In Depression, War, and Cold War Higgs goes on to devote substantial attention to the activities of the national security elite through military procurement. One of his most valuable contributions is his review of how World War II created the antecedents to the current system.

It is hard to imagine today, after more than 60 years of hot and cold conflicts, but the US once had a limited international role and avoided war. Notes Higgs, “Before 1940, everything about military procurement was different.” The government didn’t buy much hardware. Contracts were awarded through competitive bids. Many businesses consciously avoided military work.

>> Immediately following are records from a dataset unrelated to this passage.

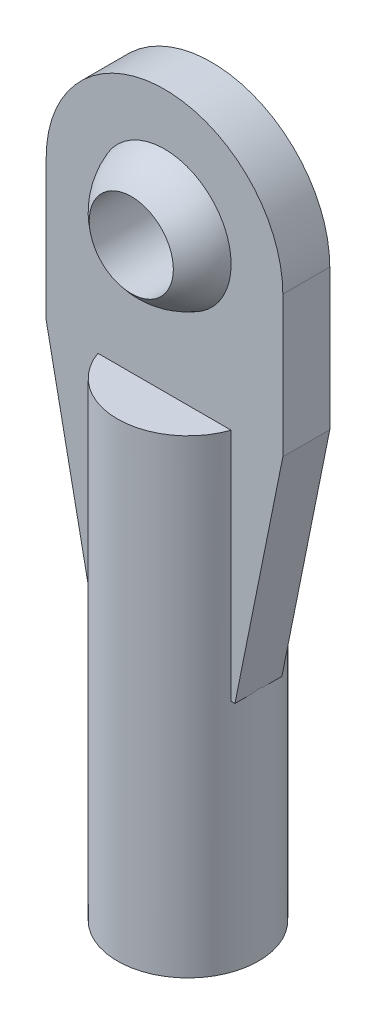
ISO-10303-21;
HEADER;
FILE_DESCRIPTION(('STEP AP214'),'2;1');
FILE_NAME('part.step','',(''),(''),'','','');
FILE_SCHEMA(('AUTOMOTIVE_DESIGN { 1 0 10303 214 1 1 1 1 }'));
ENDSEC;
DATA;
#1=APPLICATION_CONTEXT('core data for automotive mechanical design processes');
#2=APPLICATION_PROTOCOL_DEFINITION('international standard','automotive_design',2000,#1);
#3=PRODUCT_CONTEXT('',#1,'mechanical');
#4=PRODUCT('Part','Part','',(#3));
#5=PRODUCT_RELATED_PRODUCT_CATEGORY('part','',(#4));
#6=PRODUCT_DEFINITION_FORMATION('','',#4);
#7=PRODUCT_DEFINITION_CONTEXT('part definition',#1,'design');
#8=PRODUCT_DEFINITION('design','',#6,#7);
#9=PRODUCT_DEFINITION_SHAPE('','',#8);
#10=(LENGTH_UNIT() NAMED_UNIT(*) SI_UNIT(.MILLI.,.METRE.));
#11=(NAMED_UNIT(*) PLANE_ANGLE_UNIT() SI_UNIT($,.RADIAN.));
#12=(NAMED_UNIT(*) SI_UNIT($,.STERADIAN.) SOLID_ANGLE_UNIT());
#13=UNCERTAINTY_MEASURE_WITH_UNIT(LENGTH_MEASURE(1.E-05),#10,'distance_accuracy_value','');
#14=(GEOMETRIC_REPRESENTATION_CONTEXT(3) GLOBAL_UNCERTAINTY_ASSIGNED_CONTEXT((#13)) GLOBAL_UNIT_ASSIGNED_CONTEXT((#10,
#11,#12)) REPRESENTATION_CONTEXT('',''));
#15=CARTESIAN_POINT('',(0.,0.,0.));
#16=DIRECTION('',(0.,0.,1.));
#17=DIRECTION('',(1.,0.,0.));
#18=AXIS2_PLACEMENT_3D('',#15,#16,#17);
#19=CARTESIAN_POINT('',(-2.38125,-12.79525,0.79375));
#20=DIRECTION('',(0.,1.,0.));
#21=DIRECTION('',(0.,0.,1.));
#22=AXIS2_PLACEMENT_3D('',#19,#20,#21);
#23=PLANE('',#22);
#24=DIRECTION('',(1.,0.,0.));
#25=VECTOR('',#24,1.);
#26=CARTESIAN_POINT('',(-2.38125,-12.79525,0.79375));
#27=LINE('',#26,#25);
#28=CARTESIAN_POINT('',(2.25179810318332,-12.79525,0.79375));
#29=VERTEX_POINT('',#28);
#30=CARTESIAN_POINT('',(2.38125,-12.79525,0.79375));
#31=VERTEX_POINT('',#30);
#32=EDGE_CURVE('E93',#29,#31,#27,.T.);
#33=ORIENTED_EDGE('',*,*,#32,.F.);
#34=CARTESIAN_POINT('',(0.,-12.79525,0.));
#35=DIRECTION('',(0.,1.,0.));
#36=DIRECTION('',(0.,0.,1.));
#37=AXIS2_PLACEMENT_3D('',#34,#35,#36);
#38=CIRCLE('',#37,2.3876);
#39=CARTESIAN_POINT('',(2.38125,-12.79525,0.174017807996744));
#40=VERTEX_POINT('',#39);
#41=EDGE_CURVE('E190',#29,#40,#38,.T.);
#42=ORIENTED_EDGE('',*,*,#41,.T.);
#43=DIRECTION('',(0.,0.,-1.));
#44=VECTOR('',#43,1.);
#45=CARTESIAN_POINT('',(2.38125,-12.79525,0.79375));
#46=LINE('',#45,#44);
#47=EDGE_CURVE('E154',#31,#40,#46,.T.);
#48=ORIENTED_EDGE('',*,*,#47,.F.);
#49=EDGE_LOOP('',(#33,#42,#48));
#50=FACE_BOUND('',#49,.T.);
#51=ADVANCED_FACE('F33',(#50),#23,.F.);
#52=CARTESIAN_POINT('',(2.38125,-12.79525,-0.174017807996744));
#53=VERTEX_POINT('',#52);
#54=CARTESIAN_POINT('',(2.38125,-12.79525,-0.79375));
#55=VERTEX_POINT('',#54);
#56=EDGE_CURVE('E153',#53,#55,#46,.T.);
#57=ORIENTED_EDGE('',*,*,#56,.F.);
#58=CARTESIAN_POINT('',(2.25179810318332,-12.79525,-0.79375));
#59=VERTEX_POINT('',#58);
#60=EDGE_CURVE('E194',#53,#59,#38,.T.);
#61=ORIENTED_EDGE('',*,*,#60,.T.);
#62=DIRECTION('',(1.,0.,0.));
#63=VECTOR('',#62,1.);
#64=CARTESIAN_POINT('',(-2.38125,-12.79525,-0.79375));
#65=LINE('',#64,#63);
#66=EDGE_CURVE('E136',#59,#55,#65,.T.);
#67=ORIENTED_EDGE('',*,*,#66,.T.);
#68=EDGE_LOOP('',(#57,#61,#67));
#69=FACE_BOUND('',#68,.T.);
#70=ADVANCED_FACE('F240',(#69),#23,.F.);
#71=CARTESIAN_POINT('',(-2.38125,-12.79525,-0.79375));
#72=VERTEX_POINT('',#71);
#73=CARTESIAN_POINT('',(-2.25179810318332,-12.79525,-0.79375));
#74=VERTEX_POINT('',#73);
#75=EDGE_CURVE('E133',#72,#74,#65,.T.);
#76=ORIENTED_EDGE('',*,*,#75,.T.);
#77=CARTESIAN_POINT('',(-2.38125,-12.79525,-0.174017807996779));
#78=VERTEX_POINT('',#77);
#79=EDGE_CURVE('E200',#74,#78,#38,.T.);
#80=ORIENTED_EDGE('',*,*,#79,.T.);
#81=DIRECTION('',(0.,0.,-1.));
#82=VECTOR('',#81,1.);
#83=CARTESIAN_POINT('',(-2.38125,-12.79525,0.79375));
#84=LINE('',#83,#82);
#85=EDGE_CURVE('E85',#78,#72,#84,.T.);
#86=ORIENTED_EDGE('',*,*,#85,.T.);
#87=EDGE_LOOP('',(#76,#80,#86));
#88=FACE_BOUND('',#87,.T.);
#89=ADVANCED_FACE('F246',(#88),#23,.F.);
#90=CARTESIAN_POINT('',(0.,0.,0.));
#91=DIRECTION('',(0.,1.,0.));
#92=DIRECTION('',(1.,0.,0.));
#93=AXIS2_PLACEMENT_3D('',#90,#91,#92);
#94=SPHERICAL_SURFACE('',#93,2.3876);
#95=CARTESIAN_POINT('',(0.,0.,0.));
#96=DIRECTION('',(0.,0.,1.));
#97=DIRECTION('',(1.,0.,0.));
#98=AXIS2_PLACEMENT_3D('',#95,#96,#97);
#99=SPHERICAL_SURFACE('',#98,2.3876);
#100=CARTESIAN_POINT('',(0.,0.,-1.91765794655877));
#101=DIRECTION('',(0.,0.,1.));
#102=DIRECTION('',(1.,0.,0.));
#103=AXIS2_PLACEMENT_3D('',#100,#101,#102);
#104=CIRCLE('',#103,1.4224);
#105=CARTESIAN_POINT('',(1.4224,0.,-1.91765794655877));
#106=VERTEX_POINT('',#105);
#107=EDGE_CURVE('E164',#106,#106,#104,.T.);
#108=ORIENTED_EDGE('',*,*,#107,.T.);
#109=EDGE_LOOP('',(#108));
#110=FACE_BOUND('',#109,.T.);
#111=CARTESIAN_POINT('',(0.,0.,-0.79375));
#112=DIRECTION('',(0.,0.,1.));
#113=DIRECTION('',(1.,0.,0.));
#114=AXIS2_PLACEMENT_3D('',#111,#112,#113);
#115=CIRCLE('',#114,2.25179810318332);
#116=CARTESIAN_POINT('',(2.25179810318332,0.,-0.79375));
#117=VERTEX_POINT('',#116);
#118=EDGE_CURVE('E158',#117,#117,#115,.T.);
#119=ORIENTED_EDGE('',*,*,#118,.F.);
#120=EDGE_LOOP('',(#119));
#121=FACE_BOUND('',#120,.T.);
#122=ADVANCED_FACE('F261',(#110,#121),#99,.T.);
#123=CARTESIAN_POINT('',(0.,0.,0.));
#124=DIRECTION('',(0.,0.,1.));
#125=DIRECTION('',(1.,0.,0.));
#126=AXIS2_PLACEMENT_3D('',#123,#124,#125);
#127=SPHERICAL_SURFACE('',#126,2.3876);
#128=CARTESIAN_POINT('',(0.,0.,0.79375));
#129=DIRECTION('',(0.,0.,1.));
#130=DIRECTION('',(1.,0.,0.));
#131=AXIS2_PLACEMENT_3D('',#128,#129,#130);
#132=CIRCLE('',#131,2.25179810318332);
#133=CARTESIAN_POINT('',(2.25179810318332,0.,0.79375));
#134=VERTEX_POINT('',#133);
#135=EDGE_CURVE('E157',#134,#134,#132,.T.);
#136=ORIENTED_EDGE('',*,*,#135,.T.);
#137=EDGE_LOOP('',(#136));
#138=FACE_BOUND('',#137,.T.);
#139=CARTESIAN_POINT('',(0.,0.,1.91765794655877));
#140=DIRECTION('',(0.,0.,-1.));
#141=DIRECTION('',(-1.,0.,0.));
#142=AXIS2_PLACEMENT_3D('',#139,#140,#141);
#143=CIRCLE('',#142,1.4224);
#144=CARTESIAN_POINT('',(-1.4224,0.,1.91765794655877));
#145=VERTEX_POINT('',#144);
#146=EDGE_CURVE('E161',#145,#145,#143,.T.);
#147=ORIENTED_EDGE('',*,*,#146,.T.);
#148=EDGE_LOOP('',(#147));
#149=FACE_BOUND('',#148,.T.);
#150=ADVANCED_FACE('F35',(#138,#149),#127,.T.);
#151=CARTESIAN_POINT('',(0.,0.,-2.3876));
#152=DIRECTION('',(0.,0.,1.));
#153=DIRECTION('',(1.,0.,0.));
#154=AXIS2_PLACEMENT_3D('',#151,#152,#153);
#155=CYLINDRICAL_SURFACE('',#154,1.4224);
#156=ORIENTED_EDGE('',*,*,#146,.F.);
#157=EDGE_LOOP('',(#156));
#158=FACE_BOUND('',#157,.T.);
#159=ORIENTED_EDGE('',*,*,#107,.F.);
#160=EDGE_LOOP('',(#159));
#161=FACE_BOUND('',#160,.T.);
#162=ADVANCED_FACE('F319',(#158,#161),#155,.F.);
#163=CARTESIAN_POINT('',(0.,0.,0.79375));
#164=DIRECTION('',(0.,0.,1.));
#165=DIRECTION('',(1.,0.,0.));
#166=AXIS2_PLACEMENT_3D('',#163,#164,#165);
#167=PLANE('',#166);
#168=DIRECTION('',(0.,-1.,0.));
#169=VECTOR('',#168,1.);
#170=CARTESIAN_POINT('',(-2.25179810318332,-4.85775,0.79375));
#171=LINE('',#170,#169);
#172=CARTESIAN_POINT('',(-2.25179810318332,-4.85775,0.79375));
#173=VERTEX_POINT('',#172);
#174=CARTESIAN_POINT('',(-2.25179810318332,-12.79525,0.79375));
#175=VERTEX_POINT('',#174);
#176=EDGE_CURVE('E195',#173,#175,#171,.T.);
#177=ORIENTED_EDGE('',*,*,#176,.F.);
#178=DIRECTION('',(1.,0.,0.));
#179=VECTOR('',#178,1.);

This system reflected philosophical as well as practical concerns. Explains Higgs: “Disillusioned by World War I and its aftermath, during the interwar years, the American public remained overwhelmingly hostile toward war and militarism in general, and toward arms manufacturers in particular.” However, World War II created a new order, with cost-plus and negotiated contracts, federal financing of munitions plants, and tax preferences. The result essentially was the mess that we have today, and it was unnecessary. Explains Higgs: “Working from a better-constructed base, according to a more intelligently laid plan, the government could have carried out its rearmament plan without having to panic and give away the Treasury.”

The public giveaway continues. Higgs assessed the defense industry, and found that “For the period 1970-89 as a whole, by every measure, the top defense firms outperformed the market by a huge margin.” At the same time, “The claim that investment in defense companies was riskier than investment in the overall market is not compelling.” He emphasizes that this result alone does not mean that profits are “too high” in a normative sense, but it does raise questions about the accuracy of conventional measurements of rates of return and risk.

In fact, the primary abuses almost always come from politicians. Higgs devotes an entire chapter to the case of anthracite coal, which the US for years shipped from America to coal-rich Germany for use by American military forces stationed there. He spends another chapter covering airplanes that the Pentagon doesn’t want but Congress insists be purchased. In such cases Americans suffer a double whammy: wasted tax dollars and degraded defense capabilities.

What is the answer? Ultimately, change public opinion. Higgs concludes his compelling book with a review of the impact of popular attitudes on defense outlays. He and chapter co-author Anthony Kilduff write: “The research findings that we report here show that with a simple statistical model, one can explain a high proportion of the variance of the annual rate of change of US defense outlays from the mid-1960s through the 1980s.” It’s a fascinating example of how, despite all of the imperfections of the political process, public policy can be responsive to public attitudes.

Nevertheless, Higgs and Kilduff offer a warning that is as valuable as it is sobering. Public opinion itself is not simply the result of a disinterested and knowledgeable citizenry getting involved in issues. Rather, “There occurs a ceaseless contest over the determination of public opinion, and in this contest, defense policymakers, whose preferences may differ from those of the mass public, occupy a powerful position.” As a result, Higgs and Kilduff warn, “we remain uncertain of the extent to which public opinion about defense spending was independent of the desires of government officials and, therefore, may be viewed as an important autonomous determinant of spending decisions.” In short, it’s hard to know if the citizens are telling the politicians what the citizens want, or what the politicians want the citizens to want.

Depression, War, and Cold War offers precisely what readers have come to expect from Robert Higgs: detailed research, solid references, cogent analysis, and sharp opinions. Reading his latest book demonstrates yet again how difficult it is for Americans to defend the constitutional republic bequeathed by the founders. But reading Higgs’s latest book simultaneously helps equip us to do battle to preserve our constitutional republic.